3.2.2 Results with the highly nonlinear fiber

For characterizing the optical ELM, the MNIST dataset was PCA encoded with k = d ∈ {20, 40, 784}. They are then encoded onto the SLM as phase masks, where each component is mapped to a grayscale level corresponding to a phase value. The modified optical pulse then propagated through HNLF Fiber 1. This experiment was conducted using 10,000 sample images, using a random selection of 80 % of the resulting spectra for training and the remaining 20 % for testing. The system’s training and classification accuracy on the test set was evaluated at various input power levels, as shown in Figure 8. There, the red dashed line provides the linear limit for each k as explained in the previous section.

Figure 8: 
Test accuracy as a function of input power for different encoding dimensions: (a) 784 PCs, (b) 40 PCs, and (c) 20 PCs. The red dashed line represents the linear baseline accuracy, achieved without the nonlinear fiber effects. Higher encoding dimensions (784 PCs) show limited improvement in accuracy, while intermediate dimensions (40 PCs) exceed the baseline at most power levels. Lower dimensions (20 PCs) exhibit sensitivity to power, with peak performance within a specific power range.
Figure 8:

Test accuracy as a function of input power for different encoding dimensions: (a) 784 PCs, (b) 40 PCs, and (c) 20 PCs. The red dashed line represents the linear baseline accuracy, achieved without the nonlinear fiber effects. Higher encoding dimensions (784 PCs) show limited improvement in accuracy, while intermediate dimensions (40 PCs) exceed the baseline at most power levels. Lower dimensions (20 PCs) exhibit sensitivity to power, with peak performance within a specific power range.

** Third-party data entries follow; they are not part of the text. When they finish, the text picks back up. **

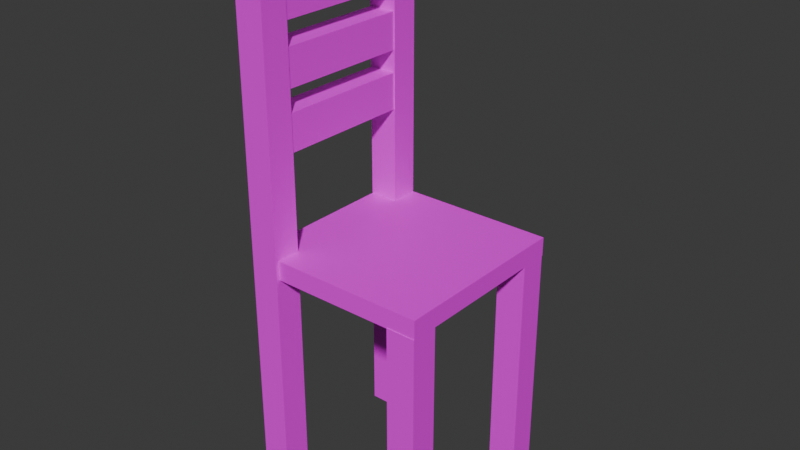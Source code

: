 # Source: STOL.blend  (saved by Blender 4.5.90; exported with 4.5.12 LTS)
import bpy
from mathutils import Matrix  # noqa: F401  (used for matrix-valued properties, if any)

bpy.ops.wm.read_factory_settings(use_empty=True)
scene = bpy.context.scene
scene.name = 'Scene'

# ---- collections
col_collection = bpy.data.collections.new('Collection'); scene.collection.children.link(col_collection)

# ---- images (referenced by path relative to the original .blend; pixels are not part of the script)
import os
ASSET_DIR = os.environ.get("B2B_ASSET_DIR", "")  # directory of the original .blend (textures are referenced by path, not embedded)
HERE = os.path.dirname(os.path.abspath(__file__))  # packed textures are extracted next to this script under _unpacked/

def load_image(name, relpath, width, height, colorspace="sRGB"):
    """Load a texture the original file referenced (path relative to the .blend, or extracted next to this script)."""
    p = next((c for c in (os.path.join(HERE, relpath), os.path.join(ASSET_DIR, relpath)) if relpath and os.path.exists(c)), "")
    if p:
        img = bpy.data.images.load(p, check_existing=True)
        img.name = name
    else:  # same state as the original file: an image datablock whose file is absent (Cycles renders it pink)
        img = bpy.data.images.new(name, width, height)
        img.source = "FILE"
        img.filepath = "//" + (relpath or name)
    img.colorspace_settings.name = colorspace
    return img
img_stol_png = load_image('stol.png', 'stol.png', 1024, 1024, 'sRGB')

# ---- materials (node trees are filled in below, after node groups)
mat_material_001 = bpy.data.materials.new('Material.001')

# ---- material node trees
mat_material_001.use_nodes = True; mat_material_001.node_tree.nodes.clear()
_N = mat_material_001.node_tree.nodes; _L = mat_material_001.node_tree.links
n0 = _N.new('ShaderNodeBsdfPrincipled'); n0.name = 'Principled BSDF'; n0.location = (-200, 100)
n1 = _N.new('ShaderNodeOutputMaterial'); n1.name = 'Material Output'; n1.location = (200, 100)
n2 = _N.new('ShaderNodeTexImage'); n2.name = 'Image Texture'; n2.location = (-490, 80)
n2.image = img_stol_png
_L.new(n0.outputs[0], n1.inputs[0])
_L.new(n2.outputs[0], n0.inputs[0])
n1.is_active_output = True

# ---- world
world_world = bpy.data.worlds.new('World'); scene.world = world_world
world_world.use_nodes = True; world_world.node_tree.nodes.clear()
_N = world_world.node_tree.nodes; _L = world_world.node_tree.links
n0 = _N.new('ShaderNodeOutputWorld'); n0.name = 'World Output'; n0.location = (200, 100)
n1 = _N.new('ShaderNodeBackground'); n1.name = 'Background'; n1.location = (-200, 100)
n1.inputs[0].default_value = (0.05088, 0.05088, 0.05088, 1.0)
_L.new(n1.outputs[0], n0.inputs[0])
n0.is_active_output = True
world_world.color = (0.05088, 0.05088, 0.05088)
world_world.sun_shadow_jitter_overblur = 0.0

# ---- meshes
me_cube_002 = bpy.data.meshes.new('Cube.002')
me_cube_002.from_pydata([(-0.09286, -0.08867, -0.7574), (-0.09286, -0.08867, 0.7574), (-0.09286, 0.08867, -0.7574), (-0.09286, 0.08867, 0.7574), (0.09286, -0.08867, -0.7574), (0.09286, -0.08867, 0.7574), (0.09286, 0.08867, -0.7574), (0.09286, 0.08867, 0.7574), (-0.09286, 0.9238, -0.7574), (-0.09286, 0.9238, 0.7574), (-0.09286, 1.101, -0.7574), (-0.09286, 1.101, 0.7574), (0.09286, 0.9238, -0.7574), (0.09286, 0.9238, 0.7574), (0.09286, 1.101, -0.7574), (0.09286, 1.101, 0.7574), (-1.07, -0.08532, 0.7516), (-1.07, -0.08532, 0.8732), (-1.07, 1.107, 0.7516), (-1.07, 1.107, 0.8732), (0.0929, -0.08532, 0.7516), (0.0929, -0.08532, 0.8732), (0.0929, 1.107, 0.7516), (0.0929, 1.107, 0.8732), (-1.066, -0.02356, 2.222), (-1.066, -0.02356, 2.453), (-1.066, 0.9993, 2.222), (-1.066, 0.9993, 2.453), (-0.8948, -0.02356, 2.222), (-0.8948, -0.02356, 2.453), (-0.8948, 0.9993, 2.222), (-0.8948, 0.9993, 2.453), (-1.066, -0.02356, 1.847), (-1.066, -0.02356, 2.078), (-1.066, 0.9993, 1.847), (-1.066, 0.9993, 2.078), (-0.8948, -0.02356, 1.847), (-0.8948, -0.02356, 2.078), (-0.8948, 0.9993, 1.847), (-0.8948, 0.9993, 2.078), (-1.066, -0.02356, 1.478), (-1.066, -0.02356, 1.709), (-1.066, 0.9993, 1.478), (-1.066, 0.9993, 1.709), (-0.8948, -0.02356, 1.478), (-0.8948, -0.02356, 1.709), (-0.8948, 0.9993, 1.478), (-0.8948, 0.9993, 1.709), (-1.073, -0.1076, -0.6889), (-1.073, -0.1076, 0.6889), (-1.073, 0.06976, -0.6889), (-1.073, 0.06976, 0.6889), (-0.8876, -0.1076, -0.6889), (-0.8876, -0.1076, 0.6889), (-0.8876, 0.06976, -0.6889), (-0.8876, 0.06976, 0.6889), (-1.073, -0.1076, 2.762), (-1.073, 0.06976, 2.762), (-0.8876, 0.06976, 2.762), (-0.8876, -0.1076, 2.762), (-1.073, 0.9238, -0.6889), (-1.073, 0.9238, 0.6889), (-1.073, 1.101, -0.6889), (-1.073, 1.101, 0.6889), (-0.8876, 0.9238, -0.6889), (-0.8876, 0.9238, 0.6889), (-0.8876, 1.101, -0.6889), (-0.8876, 1.101, 0.6889), (-0.8876, 1.106, 0.6889), (-0.8876, 0.9282, 0.6889), (-1.073, 1.106, 0.6889), (-1.073, 0.9282, 0.6889), (-1.073, 0.9282, 2.762), (-1.073, 1.106, 2.762), (-0.8876, 1.106, 2.762), (-0.8876, 0.9282, 2.762)], [], [(0, 1, 3, 2), (2, 3, 7, 6), (6, 7, 5, 4), (4, 5, 1, 0), (2, 6, 4, 0), (7, 3, 1, 5), (8, 9, 11, 10), (10, 11, 15, 14), (14, 15, 13, 12), (12, 13, 9, 8), (10, 14, 12, 8), (15, 11, 9, 13), (16, 17, 19, 18), (18, 19, 23, 22), (22, 23, 21, 20), (20, 21, 17, 16), (18, 22, 20, 16), (23, 19, 17, 21), (24, 25, 27, 26), (26, 27, 31, 30), (30, 31, 29, 28), (28, 29, 25, 24), (26, 30, 28, 24), (31, 27, 25, 29), (32, 33, 35, 34), (34, 35, 39, 38), (38, 39, 37, 36), (36, 37, 33, 32), (34, 38, 36, 32), (39, 35, 33, 37), (40, 41, 43, 42), (42, 43, 47, 46), (46, 47, 45, 44), (44, 45, 41, 40), (42, 46, 44, 40), (47, 43, 41, 45), (48, 49, 51, 50), (50, 51, 55, 54), (54, 55, 53, 52), (52, 53, 49, 48), (50, 54, 52, 48), (51, 49, 56, 57), (58, 57, 56, 59), (49, 53, 59, 56), (55, 51, 57, 58), (53, 55, 58, 59), (60, 61, 63, 62), (62, 63, 67, 66), (66, 67, 65, 64), (64, 65, 61, 60), (62, 66, 64, 60), (69, 68, 74, 75), (68, 70, 73, 74), (71, 69, 75, 72), (74, 73, 72, 75), (70, 71, 72, 73)])
_uv = me_cube_002.uv_layers.new(name='UVMap')
_uv.uv.foreach_set('vector', [0.4083, 0.1331, 0.5917, 0.1331, 0.5917, 0.3166, 0.4083, 0.3166, 0.4083, 0.3166, 0.5917, 0.3166, 0.5917, 0.5, 0.4083, 0.5, 0.4083, 0.5, 0.5917, 0.5, 0.5917, 0.6834, 0.4083, 0.6834, 0.4083, 0.6834, 0.5917, 0.6834, 0.5917, 0.8669, 0.4083, 0.8669, 0.2248, 0.5, 0.4083, 0.5, 0.4083, 0.6834, 0.2248, 0.6834, 0.5917, 0.5, 0.7752, 0.5, 0.7752, 0.6834, 0.5917, 0.6834, 0.375, 0.0, 0.625, 0.0, 0.625, 0.25, 0.375, 0.25, 0.375, 0.25, 0.625, 0.25, 0.625, 0.5, 0.375, 0.5, 0.375, 0.5, 0.625, 0.5, 0.625, 0.75, 0.375, 0.75, 0.375, 0.75, 0.625, 0.75, 0.625, 1.0, 0.375, 1.0, 0.125, 0.5, 0.375, 0.5, 0.375, 0.75, 0.125, 0.75, 0.625, 0.5, 0.875, 0.5, 0.875, 0.75, 0.625, 0.75, 0.4083, 0.1331, 0.5917, 0.1331, 0.5917, 0.3166, 0.4083, 0.3166, 0.4083, 0.3166, 0.5917, 0.3166, 0.5917, 0.5, 0.4083, 0.5, 0.1445, 0.2362, 0.8555, 0.2362, 0.8555, 0.9473, 0.1445, 0.9473, 0.4083, 0.6834, 0.5917, 0.6834, 0.5917, 0.8669, 0.4083, 0.8669, 0.2248, 0.5, 0.4083, 0.5, 0.4083, 0.6834, 0.2248, 0.6834, 0.1347, 0.1105, 0.8993, 0.1105, 0.8993, 0.8751, 0.1347, 0.8751, 0.2204, 0.2314, 0.7412, 0.2314, 0.7412, 0.7523, 0.2204, 0.7523, 0.4083, 0.3166, 0.5917, 0.3166, 0.5917, 0.5, 0.4083, 0.5, 0.7729, 0.7947, 0.03076, 0.7947, 0.03076, 0.05249, 0.7729, 0.05249, 0.4083, 0.6834, 0.5917, 0.6834, 0.5917, 0.8669, 0.4083, 0.8669, 0.2248, 0.5, 0.4083, 0.5, 0.4083, 0.6834, 0.2248, 0.6834, 0.05607, 0.06095, 0.9396, 0.06095, 0.9396, 0.9445, 0.05607, 0.9445, 0.1476, 0.08296, 0.8566, 0.08296, 0.8566, 0.792, 0.1476, 0.792, 0.4083, 0.3166, 0.5917, 0.3166, 0.5917, 0.5, 0.4083, 0.5, 0.8921, 0.7419, 0.2061, 0.7419, 0.2061, 0.05587, 0.8921, 0.05587, 0.4083, 0.6834, 0.5917, 0.6834, 0.5917, 0.8669, 0.4083, 0.8669, 0.2248, 0.5, 0.4083, 0.5, 0.4083, 0.6834, 0.2248, 0.6834, 0.5917, 0.5, 0.7752, 0.5, 0.7752, 0.6834, 0.5917, 0.6834, 0.9068, 0.9261, 0.0761, 0.9261, 0.0761, 0.09536, 0.9068, 0.09536, 0.375, 0.25, 0.625, 0.25, 0.625, 0.5, 0.375, 0.5, 0.08966, 0.06282, 0.8975, 0.06282, 0.8975, 0.8707, 0.08966, 0.8707, 0.375, 0.75, 0.625, 0.75, 0.625, 1.0, 0.375, 1.0, 0.125, 0.5, 0.375, 0.5, 0.375, 0.75, 0.125, 0.75, 0.2481, 0.2476, 0.7655, 0.2476, 0.7655, 0.765, 0.2481, 0.765, 0.375, 0.0, 0.625, 0.0, 0.625, 0.25, 0.375, 0.25, 0.375, 0.25, 0.625, 0.25, 0.625, 0.5, 0.375, 0.5, 0.375, 0.5, 0.625, 0.5, 0.625, 0.75, 0.375, 0.75, 0.375, 0.75, 0.625, 0.75, 0.625, 1.0, 0.375, 1.0, 0.125, 0.5, 0.375, 0.5, 0.375, 0.75, 0.125, 0.75, 1.496e-09, -2.702e-08, 0.0369, -2.638e-08, 0.0369, 1.0, 1.787e-09, 1.0, 0.625, 0.5, 0.875, 0.5, 0.875, 0.75, 0.625, 0.75, 0.1142, 0.9999, 0.07553, 1.0, 0.07554, 2.631e-05, 0.1142, 9.902e-05, 0.03864, 1.0, -9.42e-09, 0.9999, -7.743e-09, 9.596e-05, 0.03864, 7.59e-08, 0.07553, 1.0, 0.03864, 1.0, 0.03864, 7.59e-08, 0.07554, 2.631e-05, 0.375, 0.0, 0.625, 0.0, 0.625, 0.25, 0.375, 0.25, 0.375, 0.25, 0.625, 0.25, 0.625, 0.5, 0.375, 0.5, 0.375, 0.5, 0.625, 0.5, 0.625, 0.75, 0.375, 0.75, 0.375, 0.75, 0.625, 0.75, 0.625, 1.0, 0.375, 1.0, 0.125, 0.5, 0.375, 0.5, 0.375, 0.75, 0.125, 0.75, 0.07553, 1.0, 0.03864, 1.0, 0.03864, 7.59e-08, 0.07554, 2.631e-05, 0.03864, 1.0, -9.42e-09, 0.9999, -7.743e-09, 9.596e-05, 0.03864, 7.59e-08, 0.1142, 0.9999, 0.07553, 1.0, 0.07554, 2.631e-05, 0.1142, 9.902e-05, 0.625, 0.5, 0.875, 0.5, 0.875, 0.75, 0.625, 0.75, 1.496e-09, -2.702e-08, 0.0369, -2.638e-08, 0.0369, 1.0, 1.787e-09, 1.0])
me_cube_002.materials.append(mat_material_001)
me_cube_002.update()

# ---- objects
ob_stol = bpy.data.objects.new('STOL', me_cube_002)

# ---- transforms, parenting, visibility, modifiers, constraints
ob_stol.location = (0.9805, 0.0, 0.9771)

# ---- collection membership
col_collection.objects.link(ob_stol)

# ---- scene / render settings (as saved in the file)
scene.frame_start = 1; scene.frame_end = 250; scene.frame_set(1)
scene.render.engine = 'BLENDER_EEVEE_NEXT'
bpy.context.view_layer.update()

# ---- added for rendering (the .blend has no active camera and no usable light): camera, sun
cam_auto = bpy.data.cameras.new('AutoCamera')
cam_auto.lens = 50.0
cam_auto.sensor_width = 36.0
cam_auto.clip_end = 1000.0
ob_auto_camera = bpy.data.objects.new('AutoCamera', cam_auto)
scene.collection.objects.link(ob_auto_camera)
ob_auto_camera.location = (4.10036, -3.83258, 4.86774)
ob_auto_camera.rotation_euler = (1.09748, -7.21219e-08, 0.694738)
scene.camera = ob_auto_camera
light_auto_sun = bpy.data.lights.new('AutoSun', 'SUN')
light_auto_sun.energy = 3.0
light_auto_sun.angle = 0.0523599
ob_auto_sun = bpy.data.objects.new('AutoSun', light_auto_sun)
scene.collection.objects.link(ob_auto_sun)
ob_auto_sun.rotation_euler = (0.872665, 0.174533, 0.523599)
bpy.context.view_layer.update()

Figure 8a presents the results for the MNIST images with full resolution d = 784. In this configuration, the system significantly falls below the linear baseline accuracy, with accuracy consistently below 0.837 at any input power level. Note that this linear baseline of 0.837 refers to the PCA-based dimensionality obtained by applying principal component analysis directly to the input source data (the first 10000 examples of MNIST), without propagation through the nonlinear fiber. This serves as a reference for the system and should not be confused with the performance of a linear classifier, for d = k = 784. An optimal power level is observed around P in = 2 mW, achieving an accuracy of approximately 0.8. Beyond this point, no significant improvements are observed, indicating a saturation effect where higher power fails to enhance performance. Panel (b) shows the results for encoding with d = k = 40. What is noteworthy is that here the system performs significantly better than when using the fully dimensional input with d = k = 784. Importantly, across most input power levels, the test accuracy exceeds the linear baseline of 0.82, peaking at 0.880 at P in = 1.72 mW. However, at higher power levels, the accuracy drops to 0.75 , suggesting that excessive power introduces non-ideal interactions in the HNLF. Panel (c) shows the results for d = k = 20, where the system obtains a striking result, achieving nearly 10 % higher accuracy than the linear baseline. The performance is optimal within a specific power range of P in = 0.4…14 mW, and again accuracy decreases sharply outside this range. Best performances at the lowest P in for similar performance are summarized in Table 1.

Table 1:

Performance comparison between linear and nonlinear systems for different encoding configurations.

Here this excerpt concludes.